Would be kinda sadly amusing if it turns out the Emperor did not order himself to be interred on the golden throne, but ended up there screaming for eternity and wishing for death that he might be reborn at last.


----------



## stooge92 (Mar 6, 2008)

Brother Lucian said:


> Would be kinda sadly amusing if it turns out the Emperor did not order himself to be interred on the golden throne, but ended up there screaming for eternity and wishing for death that he might be reborn at last.

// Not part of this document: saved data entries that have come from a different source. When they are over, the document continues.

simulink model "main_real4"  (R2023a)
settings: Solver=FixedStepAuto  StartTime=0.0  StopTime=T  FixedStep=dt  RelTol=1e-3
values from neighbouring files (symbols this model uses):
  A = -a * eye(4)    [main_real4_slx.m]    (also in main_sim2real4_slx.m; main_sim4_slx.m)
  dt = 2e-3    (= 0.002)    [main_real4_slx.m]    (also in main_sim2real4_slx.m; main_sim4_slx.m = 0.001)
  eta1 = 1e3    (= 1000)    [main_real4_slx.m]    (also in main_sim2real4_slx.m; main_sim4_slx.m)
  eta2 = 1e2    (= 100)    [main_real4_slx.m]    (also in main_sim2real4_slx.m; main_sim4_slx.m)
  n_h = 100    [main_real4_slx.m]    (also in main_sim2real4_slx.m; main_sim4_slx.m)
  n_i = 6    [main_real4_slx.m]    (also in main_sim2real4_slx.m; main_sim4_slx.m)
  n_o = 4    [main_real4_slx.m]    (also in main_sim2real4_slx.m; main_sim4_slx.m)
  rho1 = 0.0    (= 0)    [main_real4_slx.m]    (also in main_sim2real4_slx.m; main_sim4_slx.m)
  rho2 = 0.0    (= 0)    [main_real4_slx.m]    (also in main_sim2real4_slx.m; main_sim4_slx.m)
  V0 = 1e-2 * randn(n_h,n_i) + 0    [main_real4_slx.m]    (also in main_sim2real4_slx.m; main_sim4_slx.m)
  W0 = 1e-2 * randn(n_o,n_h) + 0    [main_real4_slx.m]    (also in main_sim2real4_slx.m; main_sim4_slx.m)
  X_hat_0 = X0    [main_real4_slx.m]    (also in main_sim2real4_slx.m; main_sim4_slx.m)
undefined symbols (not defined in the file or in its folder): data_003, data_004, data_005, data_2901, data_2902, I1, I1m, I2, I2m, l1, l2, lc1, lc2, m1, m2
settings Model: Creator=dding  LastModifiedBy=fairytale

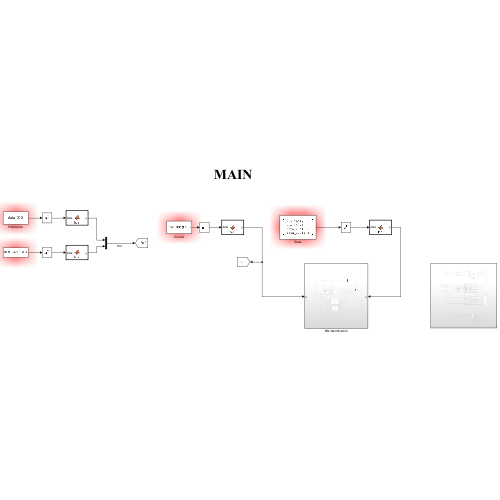
[thumbnail: Simulink's stored preview of the top-level diagram]
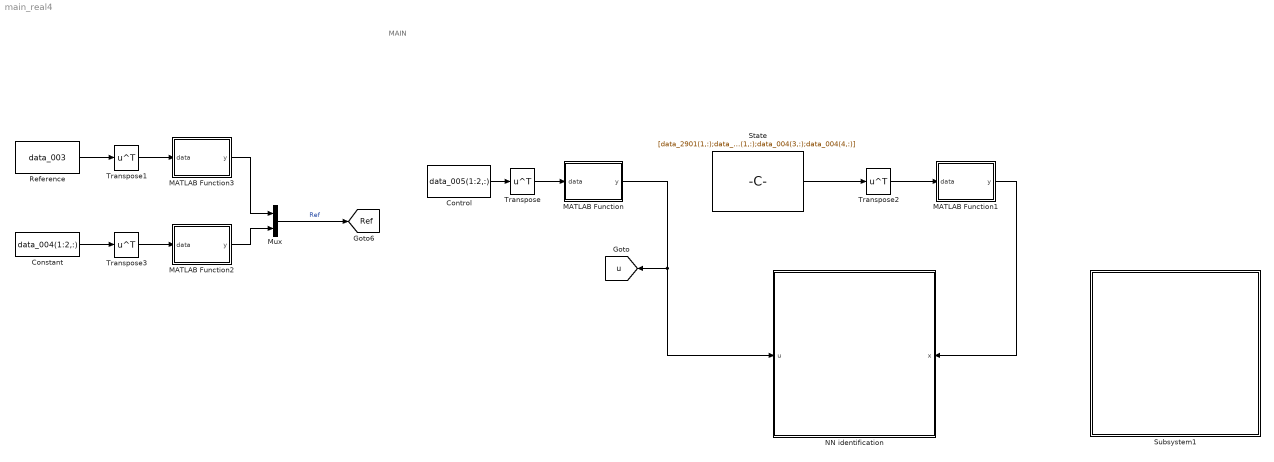
== system main_real4 ==
  note: MAIN
  Constant : Constant  Value=data_004(1:2,:)  VectorParams1D=off  SampleTime=dt
  Control : Constant  Value=data_005(1:2,:)  VectorParams1D=off  SampleTime=dt
  MATLAB Function : MATLAB Function  TreatAsAtomicUnit=on
  MATLAB Function1 : MATLAB Function  TreatAsAtomicUnit=on
  MATLAB Function2 : MATLAB Function  TreatAsAtomicUnit=on
  MATLAB Function3 : MATLAB Function  TreatAsAtomicUnit=on
  Mux : Mux  Inputs=2
  NN identification : Subsystem
      settings: PortSchema="{\"entries\":[{\"content\":{\"sides\":[{\"content\":{},\"type\":\"ConnectorPlacement.EquallySpacedRectSide\",\"uuid\":\"b5e68509-af14-483e-9022-a238da7f8976\"},{\"content\":{\"side\":\"RIGHT\"},\"type\":\"ConnectorPlacement.EquallySpacedRectSide\",\"uuid\":\"227b12d5-85c0-4871-b1f3-ce700a25cbd8\"},{\"content\":{\"connectorIds\":[\"In1\"],\"side\":\"TOP\"},\"type\":\"ConnectorPlacement.EquallySpacedRectSide\",\"uuid\":\"04532d91-bd13-4081-a0a6-2e9b5f5bbbc1\"},{\"content\":{\"connectorIds\":[\"In2\"],\"side\":\"BOTTOM\"},\"type\":\"ConnectorPlacement.EquallySpacedRectSide\",\"uuid\":\"58e23698-c698-43c7-afbb-9eb032c0630e\"}]},\"type\":\"ConnectorPlacement.EquallySpacedConnector\",\"uuid\":\"69e78e49-5ac8-44ff-82c8-e58de664d9c5\"}],\"packageUris\":[\"http://schema.mathworks.com/mf0/Connector/R2020b\"],\"version\":\"1.0\"}"
  Reference : Constant  Value=data_003  VectorParams1D=off  SampleTime=dt
  State : Constant  Value=[data_2901(1,:);data_2902(1,:);data_004(3,:);data_004(4,:)]  VectorParams1D=off  SampleTime=dt
  Subsystem1 : Subsystem
  Transpose{,1..3} (4 alike) : Math  Operator=transpose
  tag scope: Ref=global, u=global
  wires:
  Control/1 -> Transpose/1
  Transpose/1 -> MATLAB Function/1(data)
  Transpose2/1 -> MATLAB Function1/1(data)
  MATLAB Function1/1(y) -> NN identification/2(x)
  MATLAB Function/1(y) -> NN identification/1(u), [u]
  Constant/1 -> Transpose3/1
  Reference/1 -> Transpose1/1
  Transpose1/1 -> MATLAB Function3/1(data)
  Transpose3/1 -> MATLAB Function2/1(data)
  MATLAB Function3/1(y) -> Mux/1
  MATLAB Function2/1(y) -> Mux/2
  Mux/1 -> [Ref]  "Ref"
  State/1 -> Transpose2/1

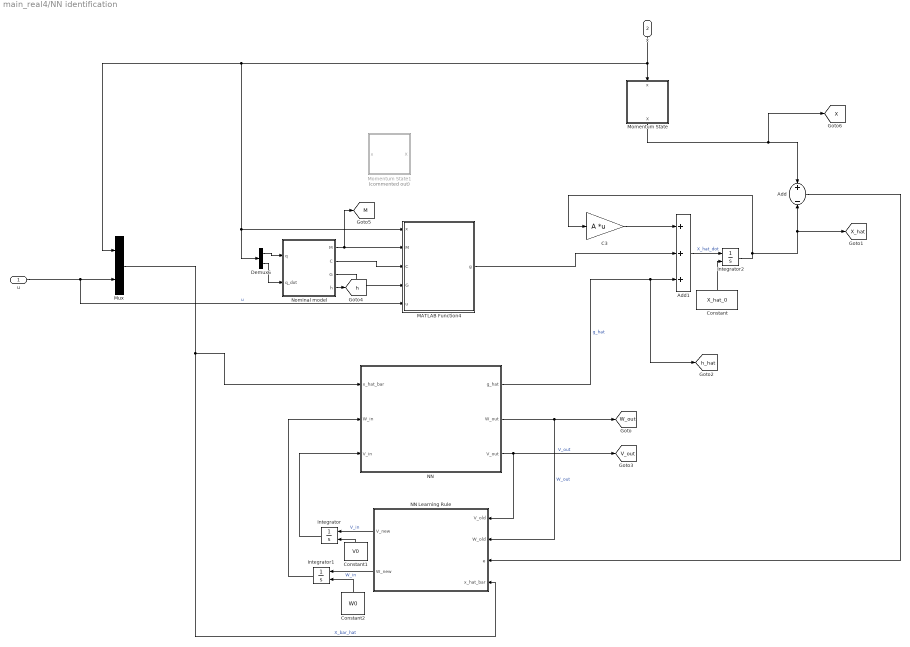
== system main_real4/NN identification ==
  u : Inport
  x : Inport  Port=2
  Add : Sum  Inputs=+-
  Add1 : Sum  Inputs=+++
  C3 : Gain  Gain=A  Multiplication=Matrix(K*u)
  Constant : Constant  Value=X_hat_0  VectorParams1D=off
  Constant1 : Constant  Value=V0  VectorParams1D=off
  Constant2 : Constant  Value=W0  VectorParams1D=off
  Demux6 : Demux  Outputs=2
  Integrator : Integrator  InitialConditionSource=external  InitialCondition=V0
  Integrator1 : Integrator  InitialConditionSource=external  InitialCondition=W0
  Integrator2 : Integrator  InitialConditionSource=external  InitialCondition=X_hat_0
  MATLAB Function4 : MATLAB Function  TreatAsAtomicUnit=on
  Momentum State : MATLAB Function  TreatAsAtomicUnit=on
  Momentum State1 : MATLAB Function  Commented=on  TreatAsAtomicUnit=on
  Mux : Mux  Inputs=2
  NN : MATLAB Function  TreatAsAtomicUnit=on
  NN Learning Rule : MATLAB Function  TreatAsAtomicUnit=on
  Nominal model : MATLAB Function  TreatAsAtomicUnit=on
  tag scope: M=global, V_out=global, W_out=global, X=global, X_hat=global, h=global, h_hat=global
  wires:
  x/1 -> Momentum State/1(x), Mux/1, MATLAB Function4/1(x), Demux6/1
  NN/2(W_out) -> [W_out], NN Learning Rule/2(W_old)  "W_out"
  Integrator2/1 -> C3/1, Add/2, [X_hat]
  Add1/1 -> Integrator2/1  "X_hat_dot"
  NN/3(V_out) -> NN Learning Rule/1(V_old), [V_out]  "V_out"
  Integrator1/1 -> NN/2(W_in)
  u/1 -> MATLAB Function4/5(u), Mux/2  "u"
  C3/1 -> Add1/1
  NN Learning Rule/1(V_new) -> Integrator/1  "V_in"
  NN Learning Rule/2(W_new) -> Integrator1/1  "W_in"
  NN/1(g_hat) -> [h_hat], Add1/3  "g_hat"
  Integrator/1 -> NN/3(V_in)
  Add/1 -> NN Learning Rule/3(e)
  Constant/1 -> Integrator2/2
  Constant2/1 -> Integrator1/2
  Constant1/1 -> Integrator/2
  Mux/1 -> NN/1(x_hat_bar), NN Learning Rule/4(x_hat_bar)  "X_bar_hat"
  Demux6/1 -> Nominal model/1(q)
  Nominal model/1(M) -> MATLAB Function4/2(M), [M]
  Nominal model/3(G) -> MATLAB Function4/4(G)
  Nominal model/2(C) -> MATLAB Function4/3(C)
  Demux6/2 -> Nominal model/2(q_dot)
  MATLAB Function4/1(g) -> Add1/2
  Momentum State/1(X) -> [X], Add/1
  Nominal model/4(h) -> [h]

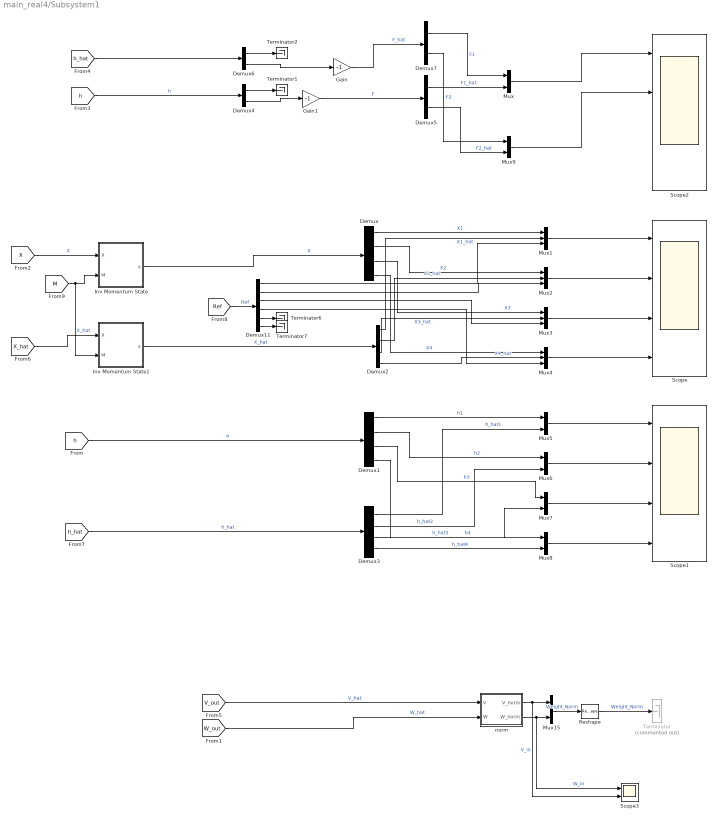
== system main_real4/Subsystem1 ==
  Demux{,1..3} (4 alike) : Demux
  Demux11 : Demux  Outputs=6
  Demux{4..7} (4 alike) : Demux  Outputs=2
  Gain : Gain  Gain=-1
  Gain1 : Gain  Gain=-1
  Inv Momentum State : MATLAB Function  TreatAsAtomicUnit=on
  Inv Momentum State1 : MATLAB Function  TreatAsAtomicUnit=on
  Mux{,5..9,15} (7 alike) : Mux  Inputs=2
  Mux{1..4} (4 alike) : Mux  Inputs=3
  Reshape : Reshape  OutputDimensionality=Column vector (2-D)
  Scope : Scope  NumInputPorts=4
  Scope1 : Scope  NumInputPorts=4
  Scope2 : Scope  NumInputPorts=4
  Scope3 : Scope  NumInputPorts=2
  Terminator : Terminator  Commented=on
  Terminator{1..2,6..7} (4 alike) : Terminator
  norm : MATLAB Function  TreatAsAtomicUnit=on
  wires:
  Demux2/2 -> Mux2/2  "X2_hat"
  Mux4/1 -> Scope/4
  Demux1/4 -> Mux8/1  "h4"
  Mux3/1 -> Scope/3
  [h_hat] -> Demux3/1  "h_hat"
  Demux3/1 -> Mux5/2  "h_hat1"
  Demux3/2 -> Mux6/2  "h_hat2"
  Demux/1 -> Mux1/1  "X1"
  [Ref] -> Demux11/1  "Ref"
  Mux5/1 -> Scope1/1
  Demux1/1 -> Mux5/1  "h1"
  Mux2/1 -> Scope/2
  Demux2/4 -> Mux4/2  "X4_hat"
  Demux/3 -> Mux3/1  "X3"
  Demux11/1 -> Mux1/3
  Mux6/1 -> Scope1/2
  Demux11/3 -> Mux3/3
  Demux11/2 -> Mux2/3
  Mux7/1 -> Scope1/3
  Demux2/1 -> Mux1/2  "X1_hat"
  Mux8/1 -> Scope1/4
  Demux2/3 -> Mux3/2  "X3_hat"
  Demux/4 -> Mux4/1  "X4"
  Demux11/6 -> Terminator7/1
  Demux/2 -> Mux2/1  "X2"
  Mux1/1 -> Scope/1
  Demux3/4 -> Mux8/2  "h_hat4"
  Demux11/5 -> Terminator6/1
  [h_hat] -> Demux6/1
  Demux1/2 -> Mux6/1  "h2"
  Demux3/3 -> Mux7/2  "h_hat3"
  Demux1/3 -> Mux7/1  "h3"
  [h] -> Demux1/1  "h"
  Demux11/4 -> Mux4/3
  Demux5/1 -> Mux/2  "F1_hat"
  Demux5/2 -> Mux9/2  "F2_hat"
  norm/1(V_norm) -> Scope3/2, Mux15/1  "V_in"
  Reshape/1 -> Terminator/1  "Weight_Norm"
  norm/2(W_norm) -> Scope3/1, Mux15/2  "W_in"
  Mux15/1 -> Reshape/1  "Weight_Norm"
  [W_out] -> norm/2(W)  "W_hat"
  [V_out] -> norm/1(V)  "V_hat"
  [h] -> Demux4/1  "h"
  Demux4/1 -> Terminator1/1
  Demux6/1 -> Terminator2/1
  Demux6/2 -> Gain/1
  Demux4/2 -> Gain1/1
  Gain1/1 -> Demux5/1  "F"
  Gain/1 -> Demux7/1  "F_hat"
  Demux7/1 -> Mux/1  "F1"
  Demux7/2 -> Mux9/1  "F2"
  Mux/1 -> Scope2/1
  Mux9/1 -> Scope2/2
  [X] -> Inv Momentum State/1(X)  "X"
  [X_hat] -> Inv Momentum State1/1(X)  "X_hat"
  Inv Momentum State/1(x) -> Demux/1  "X"
  Inv Momentum State1/1(x) -> Demux2/1  "X_hat"
  [M] -> Inv Momentum State1/2(M), Inv Momentum State/2(M)

== matlab function main_real4/NN identification/Momentum State1 ==
  data: x input; X output; m1 parameter; m2 parameter; l1 parameter; l2 parameter; lc1 parameter; lc2 parameter; I1 parameter; I2 parameter; I1m parameter; I2m parameter
function X = fcn(x, m1, m2, l1, l2, lc1, lc2, I1, I2, I1m, I2m)

    M = Inertia_M(x(1:2), x(3:4), m1, m2, l1, l2, lc1, lc2, I1, I2, I1m, I2m);
    
    X = [x(1:2); M * x(3:4)];

end



function M = Inertia_M(q, q_dot, m1, m2, l1, l2, lc1, lc2, I1, I2, I1m, I2m)
    %%
    q1 = q(1); q2 = q(2);
    q_dot1 = q_dot(1); q_dot2 = q_dot(2); 
  
    g = 9.81;    
    %%
    Mmat11=I1+I2+lc1^2*m1+l1^2*m2+lc2^2*m2+2*l1*lc2*m2*cos(q2) + I1m;
    Mmat12=I2+lc2^2*m2+l1*lc2*m2*cos(q2);
    Mmat21=I2+lc2^2*m2+l1*lc2*m2*cos(q2);
    Mmat22=I2+lc2^2*m2 + I2m;
    
    %%
    M = [
        Mmat11 Mmat12
        Mmat21 Mmat22  
        ];

end

== matlab function main_real4/NN identification/NN ==
  data: x_hat_bar input; g_hat output size=[4 1]; W_in input; W_out output; V_in input; V_out output; n_o parameter; n_i parameter; n_h parameter
function [g_hat,W_out,V_out] = NN(x_hat_bar, W_in,V_in, n_o, n_i, n_h)
    
    V_hat = V_in;
    W_hat = W_in;
    g_hat = W_hat * activate(V_hat * x_hat_bar);
    W_out = W_in;
    V_out = V_in;

end

function sigma = activate(x)
    % sigma = tanh(x) + 2*ones(size(x));
    sigma = tanh(x);
end

== matlab function main_real4/NN identification/NN Learning Rule ==
  data: V_old input; V_new output; W_new output; W_old input; e input; x_hat_bar input; A parameter; eta1 parameter; eta2 parameter; rho1 parameter; rho2 parameter; n_h parameter
function [V_new,W_new] = learningrule(V_old, W_old, e, x_hat_bar, A, eta1, eta2, rho1, rho2, n_h)

    W_hat = W_old;
    V_hat = V_old;
    
    % identification
    x_tilde = e;
    
    Lambda = zeros(n_h,n_h);
    Lambda = diag(tanh(V_hat * x_hat_bar).^2);
    
    % update the weights
    W_hat_dot = - eta1 * (x_tilde' * inv(A))' * activate(V_hat*x_hat_bar)' - rho1 * norm(x_tilde) * W_hat;
    V_hat_dot = - eta2 * (x_tilde' * inv(A) * W_hat * (eye(size(Lambda)) - Lambda))' * x_hat_bar' - rho2 * norm(x_tilde) * V_hat;
    
    W_new = W_hat_dot;
    V_new = V_hat_dot;

end

function sigma = activate(x)
    % sigma = tanh(x) + 2*ones(size(x));
    sigma = tanh(x);
end

== matlab function main_real4/NN identification/Nominal model ==
  data: q input; M output; C output; q_dot input; G output; params parameter; h output
function [M, C, G, h] = Nominal_model(q, q_dot, params)
    %%
    q1 = q(1); q2 = q(2);
    q_dot1 = q_dot(1); q_dot2 = q_dot(2); 
    
    m1 = params.m1;  m2 = params.m2;
    l1 = params.l1;  l2 = params.l2;
    lc1 = params.lc1;  lc2 = params.lc2;
    I1 = params.I1;  I2 = params.I2;
    I1m = params.I1m; I2m = params.I2m;
    b1 = params.b1;  b2 = params.b2;
    fc1 = params.fc1; fc2 = params.fc2;
    k1 = params.k1;  k2 = params.k2;

    g = 9.81;    
    %%
    Mmat11=I1+I2+lc1^2*m1+l1^2*m2+lc2^2*m2+2*l1*lc2*m2*cos(q2) + I1m;
    Mmat12=I2+lc2^2*m2+l1*lc2*m2*cos(q2);
    Mmat21=I2+lc2^2*m2+l1*lc2*m2*cos(q2);
    Mmat22=I2+lc2^2*m2 + I2m;
    
    Cmat11=(-1)*l1*lc2*m2*sin(q2)*q_dot2;
    Cmat12=(-1)*l1*lc2*m2*sin(q2)*(q_dot1+q_dot2);
    Cmat21=l1.*lc2*m2*sin(q2)*q_dot1;
    Cmat22=0;
    
    Gmat1=g*((lc1*m1+l1*m2)*cos(q1)+lc2*m2*cos(q1+q2));
    Gmat2=g*lc2*m2*cos(q1+q2);
    
    
    Fmat1=b1*tanh(k1*q_dot1)+fc1*q_dot1;
    Fmat2=b2*tanh(k2*q_dot2)+fc2*q_dot2;
    
    
    %%
    M = [
        Mmat11 Mmat12
        Mmat21 Mmat22  
        ];
    C = [
        Cmat11 Cmat12
        Cmat21 Cmat22  
        ];
    G = [
        Gmat1
        Gmat2
        ];

    F = [
        Fmat1
        Fmat2
        ];   

    h = [zeros(2,1);-F];

end

== matlab function main_real4/Subsystem1/Inv Momentum State ==
  data: X input; x output; M input
function x = fcn(X, M)

    x = [X(1:2); M \ X(3:4)];

end

== matlab function main_real4/Subsystem1/Inv Momentum State1 ==
  data: X input; x output; M input
function x = fcn(X, M)

    x = [X(1:2); M \ X(3:4)];

end

== matlab function main_real4/MATLAB Function ==
  data: data input; y output
function y = fcn(data)
% data: [N×D] 입력 (예: [12499×4])
% output: y = D×1 벡터 (각 column)

persistent idx N
if isempty(idx)
    idx = 1;
    N = size(data,1);
end

if idx > N
    y = zeros(size(data,2),1);
else
    y = data(idx,:)';  % transpose to column vector
    idx = idx + 1;
end

== matlab function main_real4/Subsystem1/norm ==
  data: V input; V_norm output; W_norm output; W input
function [V_norm,W_norm] = Norm(V, W)

    V_norm = norm(V,'fro');
    W_norm = norm(W, 'fro');
end

== matlab function main_real4/MATLAB Function1 ==
  data: data input; y output
function y = fcn(data)
% data: [N×D] 입력 (예: [12499×4])
% output: y = D×1 벡터 (각 column)

persistent idx N
if isempty(idx)
    idx = 1;
    N = size(data,1);
end

if idx > N
    y = zeros(size(data,2),1);
else
    y = data(idx,:)';  % transpose to column vector
    idx = idx + 1;
end

== matlab function main_real4/MATLAB Function2 ==
  data: data input; y output
function y = fcn(data)
% data: [N×D] 입력 (예: [12499×4])
% output: y = D×1 벡터 (각 column)

persistent idx N
if isempty(idx)
    idx = 1;
    N = size(data,1);
end

if idx > N
    y = zeros(size(data,2),1);
else
    y = data(idx,:)';  % transpose to column vector
    idx = idx + 1;
end

== matlab function main_real4/MATLAB Function3 ==
  data: data input; y output
function y = fcn(data)
% data: [N×D] 입력 (예: [12499×4])
% output: y = D×1 벡터 (각 column)

persistent idx N
if isempty(idx)
    idx = 1;
    N = size(data,1);
end

if idx > N
    y = zeros(size(data,2),1);
else
    y = data(idx,:)';  % transpose to column vector
    idx = idx + 1;
end

== matlab function main_real4/NN identification/MATLAB Function4 ==
  data: x input; M input; C input; G input; u input; g output; A parameter
function g = fcn(x,M,C,G,u,A)


    f = [x(3:4)
         C' * x(3:4) - G + u];

    X = [x(1:2)
         M * x(3:4)];

    g = f - A * X;

end

== matlab function main_real4/NN identification/Momentum State ==
  data: x input; X output; params parameter
function X = fcn(x, params)

    M = Inertia_M(x(1:2), x(3:4), params);

    X = [x(1:2); M * x(3:4)];

end



function M = Inertia_M(q, q_dot, params)
    m1 = params.m1;  m2 = params.m2;
    l1 = params.l1;  l2 = params.l2;
    lc1 = params.lc1;  lc2 = params.lc2;
    I1 = params.I1;  I2 = params.I2;
    I1m = params.I1m; I2m = params.I2m;
    b1 = params.b1;  b2 = params.b2;
    fc1 = params.fc1; fc2 = params.fc2;
    k1 = params.k1;  k2 = params.k2;    
    q1 = q(1); q2 = q(2);
    q_dot1 = q_dot(1); q_dot2 = q_dot(2); 
  
    g = 9.81;    
    %%
    Mmat11=I1+I2+lc1^2*m1+l1^2*m2+lc2^2*m2+2*l1*lc2*m2*cos(q2) + I1m;
    Mmat12=I2+lc2^2*m2+l1*lc2*m2*cos(q2);
    Mmat21=I2+lc2^2*m2+l1*lc2*m2*cos(q2);
    Mmat22=I2+lc2^2*m2 + I2m;
    
    %%
    M = [
        Mmat11 Mmat12
        Mmat21 Mmat22  
        ];

end

sadly i think its something GW will never end up explaining ... i mean, maybe the galaxy was ripping apart during the siege (highly likely, all the demon princes and demonhosts running about) and he HAD TO get into the chair straight away... robbing him of time to reincarnate


----------



## Deus Mortis (Jun 20, 2009)

So, my two cents are this: one time the light from the Astoromican flickered and a load of ships were lost in the warp. So if it went out, even for a few minutes, the casualties would be astronomical. Plus, since Magnus broke the Webway, daemons are trying to pour into Terra and the only thing holding them back is The Emperor. 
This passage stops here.